Il existe de meilleurs moyens d’augmenter le nombre de places. Tout d’abord, il faut attirer et retenir plus de travailleuses et travailleurs dans le secteur. Aucune province ne dispose des effectifs suffisants en éducation à la petite enfance pour augmenter considérablement l’accès aux services. En octobre, le vérificateur général de l’Ontario rapportait que la province devrait recruter 10 000 éducatrices et éducateurs de la petite enfance supplémentaires d’ici 2026. Pour résoudre la crise de la main-d’œuvre dans le secteur, les gouvernements doivent augmenter les salaires et améliorer les avantages sociaux. Les accords conclus par la Saskatchewan et l’Ontario prévoient tous deux des fonds destinés à améliorer les salaires, mais c’est loin d’être suffisant. Ces travailleuses et travailleurs accomplissent un travail essentiel en prenant soin de nos enfants et en soutenant leurs apprentissages. Peu se sentent en mesure de choisir cette profession ou de continuer à la pratiquer en raison des faibles salaires et du manque d’avantages sociaux et d’accès à un régime de retraite. Les gouvernements fédéral et provinciaux doivent augmenter le financement afin d’offrir de véritables augmentations salariales, de meilleurs avantages sociaux et un régime de retraite à l’ensemble des travailleuses et travailleurs de ce secteur.
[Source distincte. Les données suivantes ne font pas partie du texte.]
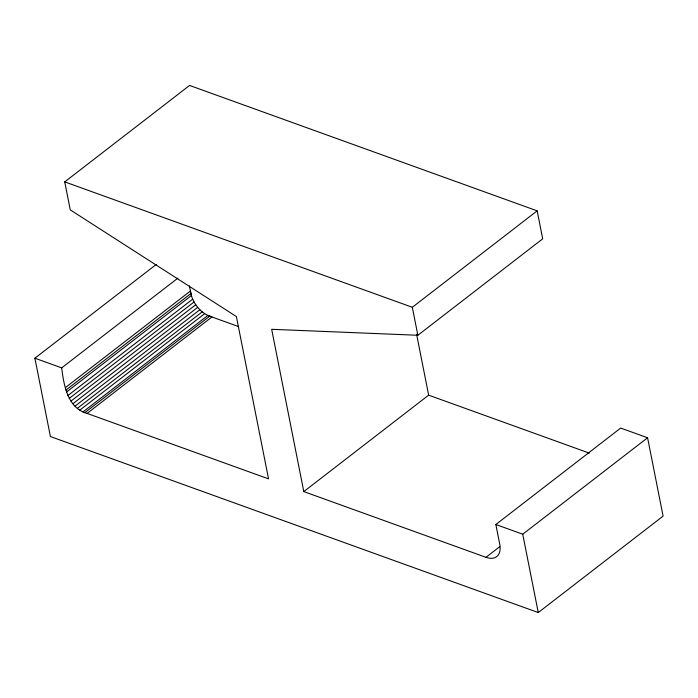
<?xml version="1.0" encoding="UTF-8"?>
<svg xmlns="http://www.w3.org/2000/svg" width="698" height="698" viewBox="0 0 698 698"><rect width="100%" height="100%" fill="white"/><g stroke="black" fill="none" stroke-linecap="round" stroke-linejoin="round"><path stroke-width="1.05" d="M485.974 557.318A23.863 13.437 52.3 0 0 499.724 544.091L495.842 524.503L620.688 428.066L647.587 437.768L663.1 516.119L538.254 612.556L50.413 436.555L34.9 358.205L61.703 367.872C63.788 384.912 67.488 407.972 87.084 413.408L268.547 478.872L236.404 316.578L70.271 209.871L64.731 181.881L189.577 85.444L537.163 210.848L542.704 238.829L417.858 335.267L271.67 329.299L303.805 491.593L485.974 557.318L499.742 546.674M34.9 358.205L156.3 264.429M61.703 367.872L177.938 278.083M65.577 387.46L190.423 291.022C192.002 302.618 200.562 313.646 211.93 316.971L87.084 413.408M65.952 390.069L190.798 293.631M66.485 392.04L191.331 295.603L189.402 285.866M67.793 395.618L192.639 299.18M69.215 398.418L194.061 301.981M70.926 401.149L195.772 304.712M72.897 403.741L197.743 307.303M75.07 406.14L199.916 309.703M77.391 408.286L202.237 311.849M79.816 410.119L204.662 313.681M82.966 411.925L207.812 315.487L238.585 326.585M84.72 412.719L209.566 316.281M64.731 181.881L412.317 307.286L537.163 210.848M303.805 491.593L428.651 395.155L589.321 453.124M495.842 524.503L522.741 534.206L647.587 437.768M522.741 534.206L538.254 612.556M412.317 307.286L417.858 335.267M416.601 334.298L428.651 395.155"/></g></svg>

Deuxièmement, les gouvernements pourraient utiliser les infrastructures publiques existantes (écoles, hôpitaux, bâtiments municipaux, logements sociaux et universités) pour créer de nouvelles places. Cette solution est plus rapide que la construction de nouveaux centres et permet d’offrir des services à proximité des lieux de résidence et de travail des parents. Elle assure également l’intégration du système d’apprentissage et de garde des jeunes enfants au sein du secteur public, où la qualité des services est meilleure et le roulement du personnel moins important.
Le gouvernement fédéral avait raison de prioriser les fournisseurs publics et à but non lucratif. Alors que les négociations se poursuivent en vue de conclure un accord à plus long terme en Ontario, de reconduire l’entente en Alberta et de définir les plans d’action dans les autres provinces et territoires, le gouvernement doit rester ferme et empêcher que les profits ne s’immiscent dans ce secteur essentiel. J’exhorte le gouvernement fédéral à augmenter le financement et à exiger des provinces qu’elles mettent en œuvre des solutions qui élargissent l’accès aux services, protègent les travailleuses et travailleurs et rendent les services plus abordables pour les familles.